- **TRY IT**
Search the entries below for "revolve". Report each line where it occurs.
==== RECORDS SUPPLIED
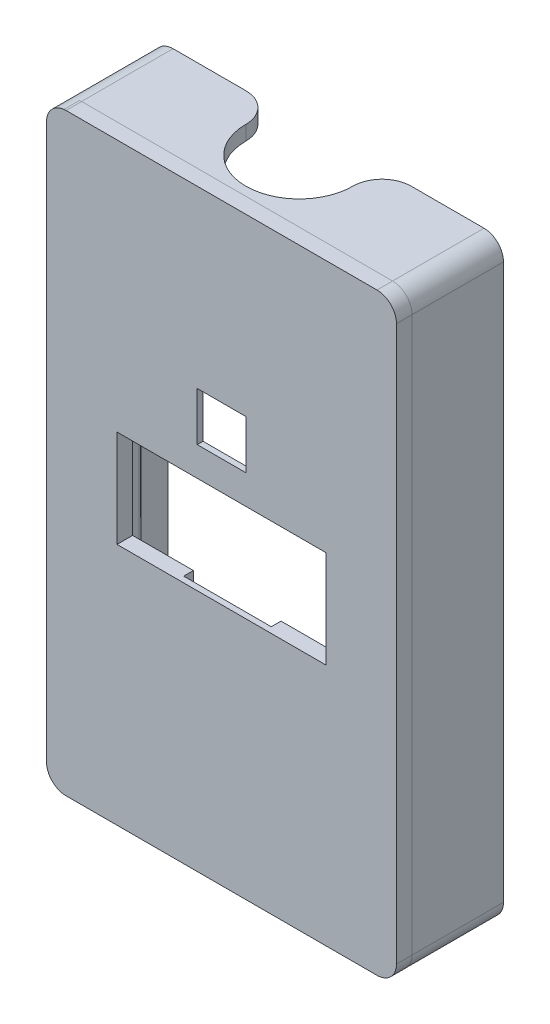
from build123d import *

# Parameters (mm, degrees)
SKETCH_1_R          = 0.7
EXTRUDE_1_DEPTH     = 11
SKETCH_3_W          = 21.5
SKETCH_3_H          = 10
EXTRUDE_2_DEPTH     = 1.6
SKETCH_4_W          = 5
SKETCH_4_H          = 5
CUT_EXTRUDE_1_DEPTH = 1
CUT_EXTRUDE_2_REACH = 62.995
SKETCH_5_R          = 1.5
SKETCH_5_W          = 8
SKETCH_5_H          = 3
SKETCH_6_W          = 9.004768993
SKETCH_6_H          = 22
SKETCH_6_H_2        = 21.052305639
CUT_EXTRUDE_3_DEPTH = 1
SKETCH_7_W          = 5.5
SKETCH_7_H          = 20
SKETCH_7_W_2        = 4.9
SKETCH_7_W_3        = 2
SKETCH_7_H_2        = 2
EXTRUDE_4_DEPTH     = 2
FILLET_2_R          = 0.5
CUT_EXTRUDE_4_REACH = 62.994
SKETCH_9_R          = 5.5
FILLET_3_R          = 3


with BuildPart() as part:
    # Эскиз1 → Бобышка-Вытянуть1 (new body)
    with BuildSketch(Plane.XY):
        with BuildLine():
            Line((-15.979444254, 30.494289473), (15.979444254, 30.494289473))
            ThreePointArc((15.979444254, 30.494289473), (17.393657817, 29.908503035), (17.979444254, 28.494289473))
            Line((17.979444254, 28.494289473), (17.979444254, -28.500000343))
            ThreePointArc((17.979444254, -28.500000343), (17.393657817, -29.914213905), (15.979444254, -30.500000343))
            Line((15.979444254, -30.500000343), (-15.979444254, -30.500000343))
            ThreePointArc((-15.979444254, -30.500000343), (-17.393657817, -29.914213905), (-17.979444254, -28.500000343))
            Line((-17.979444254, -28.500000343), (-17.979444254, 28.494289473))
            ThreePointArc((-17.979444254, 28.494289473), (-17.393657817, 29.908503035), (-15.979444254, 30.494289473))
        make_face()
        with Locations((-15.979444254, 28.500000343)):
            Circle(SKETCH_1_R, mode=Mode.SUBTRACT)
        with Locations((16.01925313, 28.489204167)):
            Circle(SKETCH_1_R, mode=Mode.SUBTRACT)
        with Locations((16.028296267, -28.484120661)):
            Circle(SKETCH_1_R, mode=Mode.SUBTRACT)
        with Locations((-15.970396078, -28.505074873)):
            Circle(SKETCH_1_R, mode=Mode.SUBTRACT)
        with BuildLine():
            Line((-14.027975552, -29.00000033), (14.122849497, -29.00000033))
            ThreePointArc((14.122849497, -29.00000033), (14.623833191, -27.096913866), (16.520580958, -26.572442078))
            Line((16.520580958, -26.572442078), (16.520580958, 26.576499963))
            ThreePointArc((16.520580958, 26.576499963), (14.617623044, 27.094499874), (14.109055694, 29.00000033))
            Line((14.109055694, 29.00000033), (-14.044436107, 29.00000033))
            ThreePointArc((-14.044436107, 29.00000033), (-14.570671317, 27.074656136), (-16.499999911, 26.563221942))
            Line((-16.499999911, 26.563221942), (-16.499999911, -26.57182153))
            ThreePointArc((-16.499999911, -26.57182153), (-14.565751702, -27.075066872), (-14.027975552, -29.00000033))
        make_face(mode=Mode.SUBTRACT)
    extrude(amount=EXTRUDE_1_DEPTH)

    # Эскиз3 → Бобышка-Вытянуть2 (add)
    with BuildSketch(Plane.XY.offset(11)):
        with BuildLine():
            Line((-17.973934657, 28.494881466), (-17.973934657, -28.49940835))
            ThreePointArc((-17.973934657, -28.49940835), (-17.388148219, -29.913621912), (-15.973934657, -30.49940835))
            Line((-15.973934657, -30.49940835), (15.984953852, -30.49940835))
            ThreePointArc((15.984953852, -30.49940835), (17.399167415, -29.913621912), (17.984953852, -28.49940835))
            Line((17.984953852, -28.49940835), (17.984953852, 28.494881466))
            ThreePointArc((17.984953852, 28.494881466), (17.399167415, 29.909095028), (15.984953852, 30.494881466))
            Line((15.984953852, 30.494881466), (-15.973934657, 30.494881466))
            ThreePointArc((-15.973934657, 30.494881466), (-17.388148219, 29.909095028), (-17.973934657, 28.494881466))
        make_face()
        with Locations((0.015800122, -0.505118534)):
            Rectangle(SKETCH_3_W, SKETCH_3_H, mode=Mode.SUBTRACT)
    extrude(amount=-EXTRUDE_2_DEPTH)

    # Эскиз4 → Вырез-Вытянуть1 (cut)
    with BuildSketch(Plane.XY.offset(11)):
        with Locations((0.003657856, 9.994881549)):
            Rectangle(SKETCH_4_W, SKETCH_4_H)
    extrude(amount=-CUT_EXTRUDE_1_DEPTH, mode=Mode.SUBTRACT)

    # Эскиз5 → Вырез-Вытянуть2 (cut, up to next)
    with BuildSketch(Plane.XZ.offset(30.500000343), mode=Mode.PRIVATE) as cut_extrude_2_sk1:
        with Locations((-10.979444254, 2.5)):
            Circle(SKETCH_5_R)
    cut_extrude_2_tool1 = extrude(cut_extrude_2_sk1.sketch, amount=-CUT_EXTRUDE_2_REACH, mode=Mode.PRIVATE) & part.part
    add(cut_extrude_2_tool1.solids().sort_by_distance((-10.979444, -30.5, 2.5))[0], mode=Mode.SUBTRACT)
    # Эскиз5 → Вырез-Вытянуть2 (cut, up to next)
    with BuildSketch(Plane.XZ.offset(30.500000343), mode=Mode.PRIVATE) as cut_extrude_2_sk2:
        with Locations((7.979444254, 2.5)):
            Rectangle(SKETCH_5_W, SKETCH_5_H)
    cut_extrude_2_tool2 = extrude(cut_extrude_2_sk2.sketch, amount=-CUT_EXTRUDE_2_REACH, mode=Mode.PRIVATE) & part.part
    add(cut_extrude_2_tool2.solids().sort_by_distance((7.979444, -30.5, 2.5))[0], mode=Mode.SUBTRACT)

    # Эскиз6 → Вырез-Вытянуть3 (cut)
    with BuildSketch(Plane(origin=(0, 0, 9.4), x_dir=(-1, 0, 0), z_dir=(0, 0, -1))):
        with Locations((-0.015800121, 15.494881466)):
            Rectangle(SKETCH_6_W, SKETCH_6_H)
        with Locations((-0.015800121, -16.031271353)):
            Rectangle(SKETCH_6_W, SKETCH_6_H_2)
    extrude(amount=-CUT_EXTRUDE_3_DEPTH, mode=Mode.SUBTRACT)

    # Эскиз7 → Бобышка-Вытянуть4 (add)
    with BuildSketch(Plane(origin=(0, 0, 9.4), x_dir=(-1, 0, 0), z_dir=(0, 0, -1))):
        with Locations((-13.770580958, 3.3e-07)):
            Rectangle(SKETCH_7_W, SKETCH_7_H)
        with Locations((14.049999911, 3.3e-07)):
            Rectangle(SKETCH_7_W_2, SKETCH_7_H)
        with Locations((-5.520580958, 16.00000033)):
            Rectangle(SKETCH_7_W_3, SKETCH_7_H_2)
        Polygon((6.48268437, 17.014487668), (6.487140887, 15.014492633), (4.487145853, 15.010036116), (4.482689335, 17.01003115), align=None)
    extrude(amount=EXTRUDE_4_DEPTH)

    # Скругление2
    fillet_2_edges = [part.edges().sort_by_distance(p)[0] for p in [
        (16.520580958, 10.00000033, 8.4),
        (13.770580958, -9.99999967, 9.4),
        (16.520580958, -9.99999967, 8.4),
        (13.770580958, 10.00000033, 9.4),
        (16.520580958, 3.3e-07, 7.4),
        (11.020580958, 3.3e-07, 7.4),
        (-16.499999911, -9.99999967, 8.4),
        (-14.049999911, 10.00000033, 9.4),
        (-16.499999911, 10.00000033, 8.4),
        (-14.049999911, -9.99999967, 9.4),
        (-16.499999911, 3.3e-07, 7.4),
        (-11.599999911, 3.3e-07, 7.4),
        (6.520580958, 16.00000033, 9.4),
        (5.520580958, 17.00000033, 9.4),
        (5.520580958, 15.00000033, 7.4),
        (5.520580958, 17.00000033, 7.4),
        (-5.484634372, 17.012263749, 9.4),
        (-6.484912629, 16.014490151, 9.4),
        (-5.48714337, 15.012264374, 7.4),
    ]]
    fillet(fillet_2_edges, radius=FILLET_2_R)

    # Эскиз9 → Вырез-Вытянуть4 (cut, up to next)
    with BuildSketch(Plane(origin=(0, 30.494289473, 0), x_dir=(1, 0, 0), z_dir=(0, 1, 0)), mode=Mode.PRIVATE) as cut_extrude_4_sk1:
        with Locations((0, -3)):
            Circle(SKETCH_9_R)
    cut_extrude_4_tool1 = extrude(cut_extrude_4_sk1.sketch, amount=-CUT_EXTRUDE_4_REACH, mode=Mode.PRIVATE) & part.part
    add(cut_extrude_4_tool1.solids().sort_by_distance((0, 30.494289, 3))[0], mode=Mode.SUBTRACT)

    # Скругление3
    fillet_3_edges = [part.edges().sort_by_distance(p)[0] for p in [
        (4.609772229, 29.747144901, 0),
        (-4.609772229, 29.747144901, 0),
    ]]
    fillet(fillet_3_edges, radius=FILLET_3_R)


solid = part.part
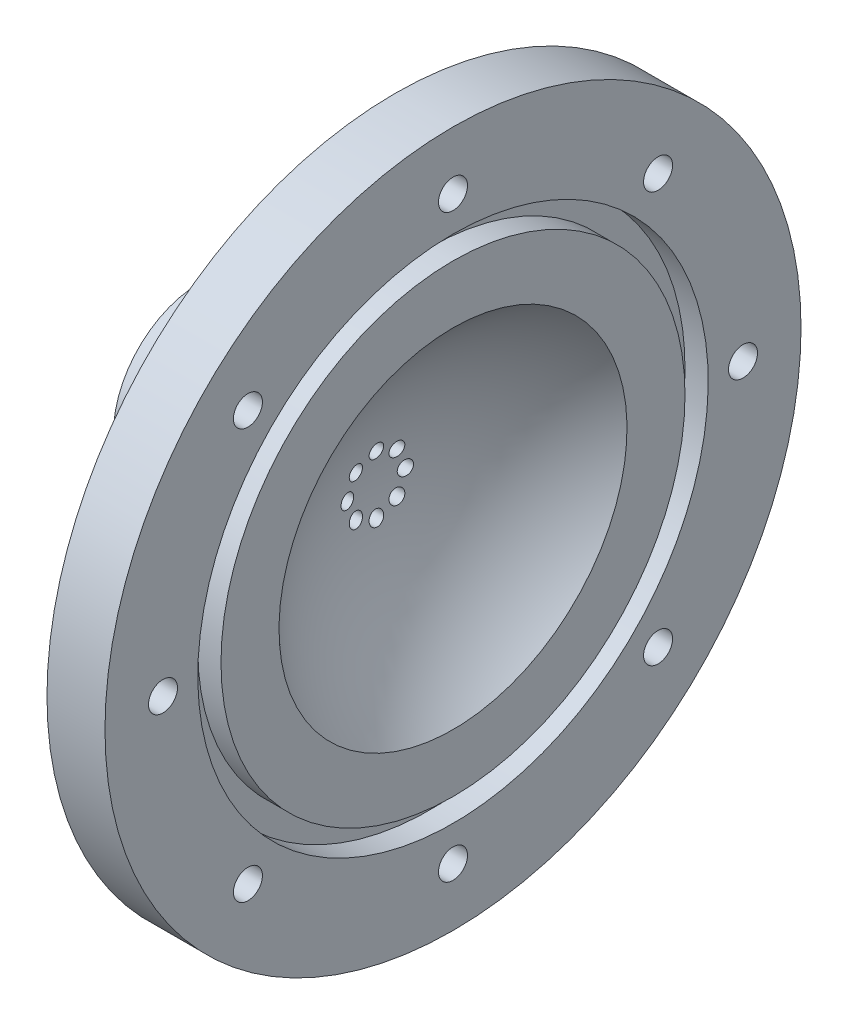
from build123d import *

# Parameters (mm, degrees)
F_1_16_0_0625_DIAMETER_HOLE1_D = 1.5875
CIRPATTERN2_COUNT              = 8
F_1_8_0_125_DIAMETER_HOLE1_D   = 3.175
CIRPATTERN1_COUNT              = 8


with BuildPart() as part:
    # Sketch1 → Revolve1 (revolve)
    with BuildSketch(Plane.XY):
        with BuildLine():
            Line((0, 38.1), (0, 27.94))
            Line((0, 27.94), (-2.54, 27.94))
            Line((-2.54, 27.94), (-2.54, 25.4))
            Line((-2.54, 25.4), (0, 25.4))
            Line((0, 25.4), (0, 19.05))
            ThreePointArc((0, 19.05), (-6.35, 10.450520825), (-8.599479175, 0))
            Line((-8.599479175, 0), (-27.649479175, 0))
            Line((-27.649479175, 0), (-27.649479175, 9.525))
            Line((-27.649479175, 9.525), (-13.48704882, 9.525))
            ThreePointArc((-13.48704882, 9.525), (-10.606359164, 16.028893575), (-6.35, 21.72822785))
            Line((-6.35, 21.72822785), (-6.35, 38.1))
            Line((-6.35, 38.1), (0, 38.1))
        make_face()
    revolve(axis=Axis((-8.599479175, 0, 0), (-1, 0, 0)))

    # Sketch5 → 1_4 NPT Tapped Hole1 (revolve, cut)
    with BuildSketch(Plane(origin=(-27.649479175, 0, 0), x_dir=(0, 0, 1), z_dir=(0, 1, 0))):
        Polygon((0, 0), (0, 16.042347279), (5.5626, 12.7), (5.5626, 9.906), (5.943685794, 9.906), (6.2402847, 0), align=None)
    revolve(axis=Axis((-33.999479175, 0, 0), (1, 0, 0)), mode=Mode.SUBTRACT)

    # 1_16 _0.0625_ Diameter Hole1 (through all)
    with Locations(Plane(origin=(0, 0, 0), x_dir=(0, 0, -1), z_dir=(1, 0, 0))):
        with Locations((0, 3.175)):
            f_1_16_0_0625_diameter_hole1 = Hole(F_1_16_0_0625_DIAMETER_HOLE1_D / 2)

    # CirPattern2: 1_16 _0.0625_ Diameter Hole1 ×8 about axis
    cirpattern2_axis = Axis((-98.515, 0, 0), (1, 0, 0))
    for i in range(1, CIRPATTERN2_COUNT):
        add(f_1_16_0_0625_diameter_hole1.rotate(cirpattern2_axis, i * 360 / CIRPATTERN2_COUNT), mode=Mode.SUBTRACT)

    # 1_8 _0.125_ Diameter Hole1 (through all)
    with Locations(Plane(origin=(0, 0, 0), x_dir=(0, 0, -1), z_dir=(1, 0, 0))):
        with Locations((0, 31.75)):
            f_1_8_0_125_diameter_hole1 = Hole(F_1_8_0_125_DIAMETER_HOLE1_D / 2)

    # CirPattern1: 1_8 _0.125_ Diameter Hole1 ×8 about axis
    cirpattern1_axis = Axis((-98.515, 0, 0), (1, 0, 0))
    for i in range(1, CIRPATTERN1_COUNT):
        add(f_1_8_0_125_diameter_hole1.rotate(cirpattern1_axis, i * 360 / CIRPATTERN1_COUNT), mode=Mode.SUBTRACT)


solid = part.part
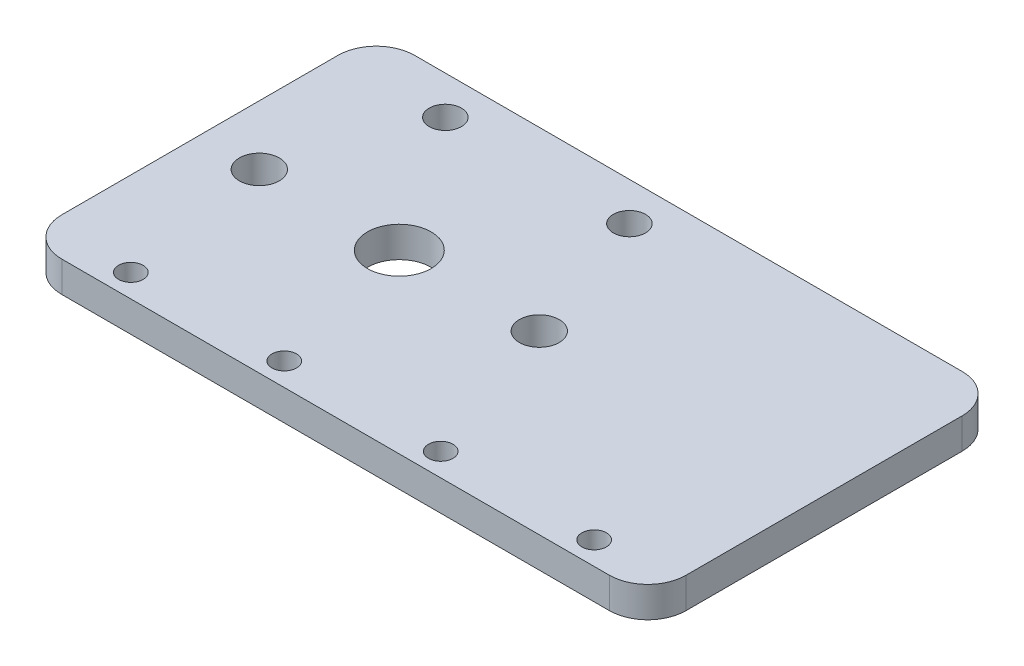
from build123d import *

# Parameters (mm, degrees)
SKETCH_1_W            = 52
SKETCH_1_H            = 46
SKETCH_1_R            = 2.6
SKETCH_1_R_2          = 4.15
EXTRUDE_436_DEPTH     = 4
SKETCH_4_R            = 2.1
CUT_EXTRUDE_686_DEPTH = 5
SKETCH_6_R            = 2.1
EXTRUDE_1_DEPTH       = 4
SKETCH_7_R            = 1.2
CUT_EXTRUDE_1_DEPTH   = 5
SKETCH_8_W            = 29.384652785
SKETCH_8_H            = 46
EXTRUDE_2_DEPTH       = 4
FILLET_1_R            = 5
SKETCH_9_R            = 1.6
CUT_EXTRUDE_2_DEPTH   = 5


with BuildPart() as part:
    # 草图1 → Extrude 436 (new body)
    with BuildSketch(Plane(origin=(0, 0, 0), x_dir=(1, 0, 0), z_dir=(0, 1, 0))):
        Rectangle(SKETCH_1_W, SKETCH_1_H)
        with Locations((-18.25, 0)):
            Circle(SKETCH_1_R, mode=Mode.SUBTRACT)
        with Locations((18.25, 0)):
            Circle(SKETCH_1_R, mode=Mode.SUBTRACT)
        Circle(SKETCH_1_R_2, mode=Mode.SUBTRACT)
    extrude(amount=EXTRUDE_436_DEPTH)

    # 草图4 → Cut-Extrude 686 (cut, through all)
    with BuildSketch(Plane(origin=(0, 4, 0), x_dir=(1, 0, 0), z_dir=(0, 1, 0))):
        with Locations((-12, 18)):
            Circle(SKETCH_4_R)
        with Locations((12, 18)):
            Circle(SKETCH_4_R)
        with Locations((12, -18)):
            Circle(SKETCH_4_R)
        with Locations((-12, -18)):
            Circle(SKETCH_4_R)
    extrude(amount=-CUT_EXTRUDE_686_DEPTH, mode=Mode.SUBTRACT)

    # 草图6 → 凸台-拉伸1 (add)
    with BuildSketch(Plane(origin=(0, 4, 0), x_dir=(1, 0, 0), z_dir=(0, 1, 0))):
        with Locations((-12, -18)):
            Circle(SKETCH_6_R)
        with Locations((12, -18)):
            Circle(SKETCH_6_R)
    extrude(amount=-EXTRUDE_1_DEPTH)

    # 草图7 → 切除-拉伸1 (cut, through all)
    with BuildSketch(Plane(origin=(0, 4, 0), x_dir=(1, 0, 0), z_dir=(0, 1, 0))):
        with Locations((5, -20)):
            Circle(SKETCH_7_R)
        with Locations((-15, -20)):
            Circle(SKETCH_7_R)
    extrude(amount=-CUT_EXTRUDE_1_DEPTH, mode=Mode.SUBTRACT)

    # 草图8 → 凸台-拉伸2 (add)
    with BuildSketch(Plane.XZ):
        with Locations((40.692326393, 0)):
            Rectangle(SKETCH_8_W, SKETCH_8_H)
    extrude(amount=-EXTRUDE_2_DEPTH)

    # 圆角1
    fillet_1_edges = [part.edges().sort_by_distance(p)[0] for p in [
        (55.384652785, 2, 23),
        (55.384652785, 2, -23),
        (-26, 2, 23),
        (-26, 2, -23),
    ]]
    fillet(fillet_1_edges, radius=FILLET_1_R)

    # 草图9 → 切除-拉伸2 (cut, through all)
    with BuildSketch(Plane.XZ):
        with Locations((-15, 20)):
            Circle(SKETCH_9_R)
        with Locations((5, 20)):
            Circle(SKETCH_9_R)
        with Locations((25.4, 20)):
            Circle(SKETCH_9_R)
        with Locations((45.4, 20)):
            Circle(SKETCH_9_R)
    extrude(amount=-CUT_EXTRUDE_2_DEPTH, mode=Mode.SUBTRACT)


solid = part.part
========
- **SOLVED PROBLEM**
    # Sketch1 → Revolve1 (revolve)
    revolve(axis=Axis((-8.599479175, 0, 0), (-1, 0, 0)))
    # Sketch5 → 1_4 NPT Tapped Hole1 (revolve, cut)
    revolve(axis=Axis((-33.999479175, 0, 0), (1, 0, 0)), mode=Mode.SUBTRACT)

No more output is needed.